见到面前正为你掖被角的人是祝云楼你挤出一丝微笑来,揉了揉鬓角。
原来是你啊,哀家还以为沈延年回来了呢。
你是不是还放心不下他?
祝云楼的眉心颤了颤,他抬起手想要抚
摸你的脸颊,却迟迟没有触碰到你。他身受重伤离开,在没有确认他平安之前,我怎么可能不惦念他呢?
你好几天都没有睡好了,就算你不在乎自己是千金之躯,也该为了在乎你的人,珍重自己吧。
在乎我的人?你指谁?你自己?
你看向祝云楼,他像是被火烫了一样,缩回视线。
我…………
赵公公进殿来,太后娘娘,那个贱人愿意招了,请您上前听审。
好,祝大人也一起来吧。
是,微臣遵旨。
你们来到偏院,刚才还神采飞扬的唐洛缨,面容娇脆,看到赵公公满眼的恐惧。
唐洛缨扑倒在你的脚边,拽着你的裙子,太后娘娘饶命!臣女愿意招了,臣女什么都招!只求太后娘娘,不要再让人折磨我了!!
好,那你说,是不是你,每日借着探视陛下,给陛下的手指扎针?
……是我。
谁指使你这么做的?
是……是我的祖父大人指使我这么做的……
唐老太爷?!他可是陛下的亲外祖,他为什么指使你伤害陛下?!
祖父知道洛璃姐是陛下杀的!他原本就视陛下为耻辱,如今,更是恨之入骨!
你蹙眉,唐老太爷……视陛下为耻辱?这话从何说起?
二十年前,姑姑风华正茂,她是祖父唯一的女儿,自小与祖父的结拜义兄陈爷爷之子陈宣直一起长大,二人青梅竹马,婚盟早定。可先帝一趟“南巡”,邂逅了姑姑,便非姑姑不娶,要立她为后。
唐家乃文人清流自有风骨,祖父也不屑于卖女求荣,这“立后”的圣旨,整个唐家从上到下没有一个人觉得高兴,可皇命难违!

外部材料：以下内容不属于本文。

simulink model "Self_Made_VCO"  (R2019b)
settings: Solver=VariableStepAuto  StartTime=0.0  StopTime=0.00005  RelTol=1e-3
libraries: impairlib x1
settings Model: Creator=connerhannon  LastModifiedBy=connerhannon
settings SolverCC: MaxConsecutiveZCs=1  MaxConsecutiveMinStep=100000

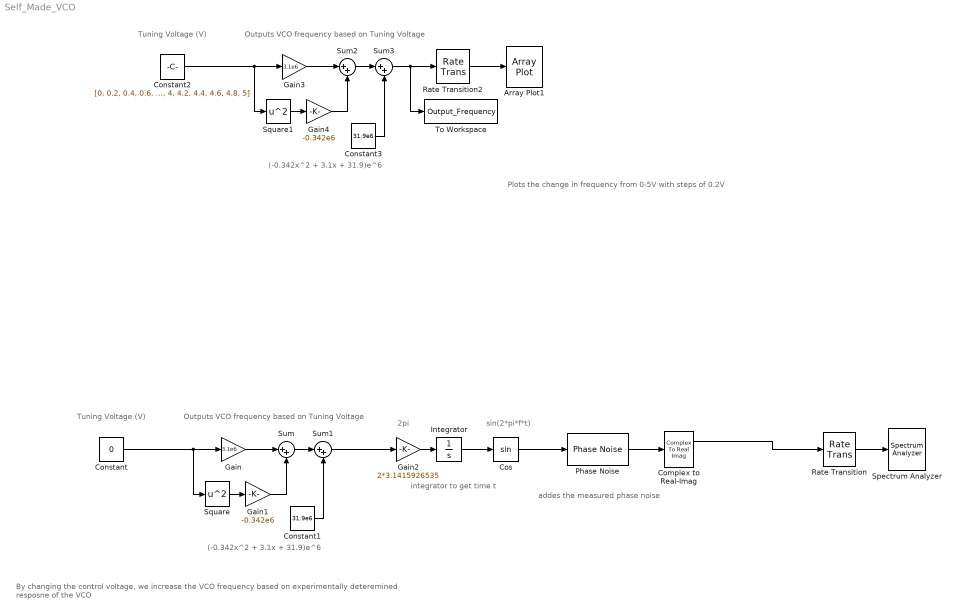
== system Self_Made_VCO ==
  note: Plots the change in frequency from 0-5V
      | with steps of 0.2V
  note: Outputs VCO frequency based on Tuning Voltage
  note: addes the measured phase noise
  note: (-0.342x^2 + 3.1x + 31.9)e^6
  note: By changing the control voltage, we increase the VCO frequency based on experimentally deteremined resposne of the VCO
  note: sin(2*pi*f*t)
  note: integrator to get time t
  note: 2pi
  note: Tuning Voltage
      | (V)
  note: Tuning Voltage
      | (V)
  note: (-0.342x^2 + 3.1x + 31.9)e^6
  note: Outputs VCO frequency based on Tuning Voltage
  Array Plot1 : ArrayPlot
  Complex to Real-Imag : ComplexToRealImag
  Constant : Constant  Value=0  OutMin=[0]  OutMax=[5]
  Constant1 : Constant  Value=31.9e6
  Constant2 : Constant  Value=[0, 0.2, 0.4, 0.6, 0.8, 1, 1.2, 1.4, 1.6, 1.8, 2, 2.2, 2.4, 2.6, 2.8, 3, 3.2, 3.4, 3.6, 3.8, 4, 4.2, 4.4, 4.6, 4.8, 5]  OutMin=[0]  OutMax=[5]
  Constant3 : Constant  Value=31.9e6
  Cos : Trigonometry  OutputSignalType=complex
  Gain : Gain  Gain=3.1e6
  Gain1 : Gain  Gain=-0.342e6
  Gain2 : Gain  Gain=2*3.1415926535
  Gain3 : Gain  Gain=3.1e6
  Gain4 : Gain  Gain=-0.342e6
  Integrator : Integrator
  Phase Noise : impairlib/Phase Noise  Level=[ -36, -73, -83, -90, -112 ]  FrequencyOffset=[ 100, 400, 1000, 5000, 250000]  SampleRate=550000  RandomStream=mt19937ar with seed  Seed=1e6  SimulateUsing=Interpreted execution
      settings: SourceProductName=SerDes Toolbox  SourceProductBaseCode=SX
  Rate Transition : RateTransition  OutPortSampleTime=1/1000000000
  Rate Transition2 : RateTransition  OutPortSampleTime=1/1000000000
  Spectrum Analyzer : SpectrumAnalyzer
  Square : Math  Operator=square  SignedPower=off  SaturateOnIntegerOverflow=on
  Square1 : Math  Operator=square  SignedPower=off  SaturateOnIntegerOverflow=on
  Sum{,1..3} (4 alike) : Sum  Inputs=|++
  To Workspace : ToWorkspace  VariableName=Output_Frequency  SaveFormat=Timeseries  SampleTime=-1
  wires:
  Gain/1 -> Sum/1
  Constant/1 -> Gain/1, Square/1
  Gain2/1 -> Integrator/1
  Integrator/1 -> Cos/1
  Cos/1 -> Phase Noise/1
  Rate Transition/1 -> Spectrum Analyzer/1
  Sum/1 -> Sum1/1
  Sum1/1 -> Gain2/1
  Constant1/1 -> Sum1/2
  Gain1/1 -> Sum/2
  Square/1 -> Gain1/1
  Constant3/1 -> Sum3/2
  Gain3/1 -> Sum2/1
  Sum2/1 -> Sum3/1
  Gain4/1 -> Sum2/2
  Square1/1 -> Gain4/1
  Constant2/1 -> Gain3/1, Square1/1
  Rate Transition2/1 -> Array Plot1/1
  Sum3/1 -> To Workspace/1, Rate Transition2/1
  Phase Noise/1 -> Complex to Real-Imag/1
  Complex to Real-Imag/1 -> Rate Transition/1

皇家的迎亲队伍返京的途中,姑姑与陈宣直设计逃脱,预备情奔天涯,可先帝竟派出大军追杀,二人被捕后,姑姑为了保住爱人的性命,点头答应了进宫。
本以为先帝会信守承诺,可他一直没有得到姑姑的心,又听闻陈家有祖传的易容之术,便担心她与改头换面的陈宣直寻机旧情复燃。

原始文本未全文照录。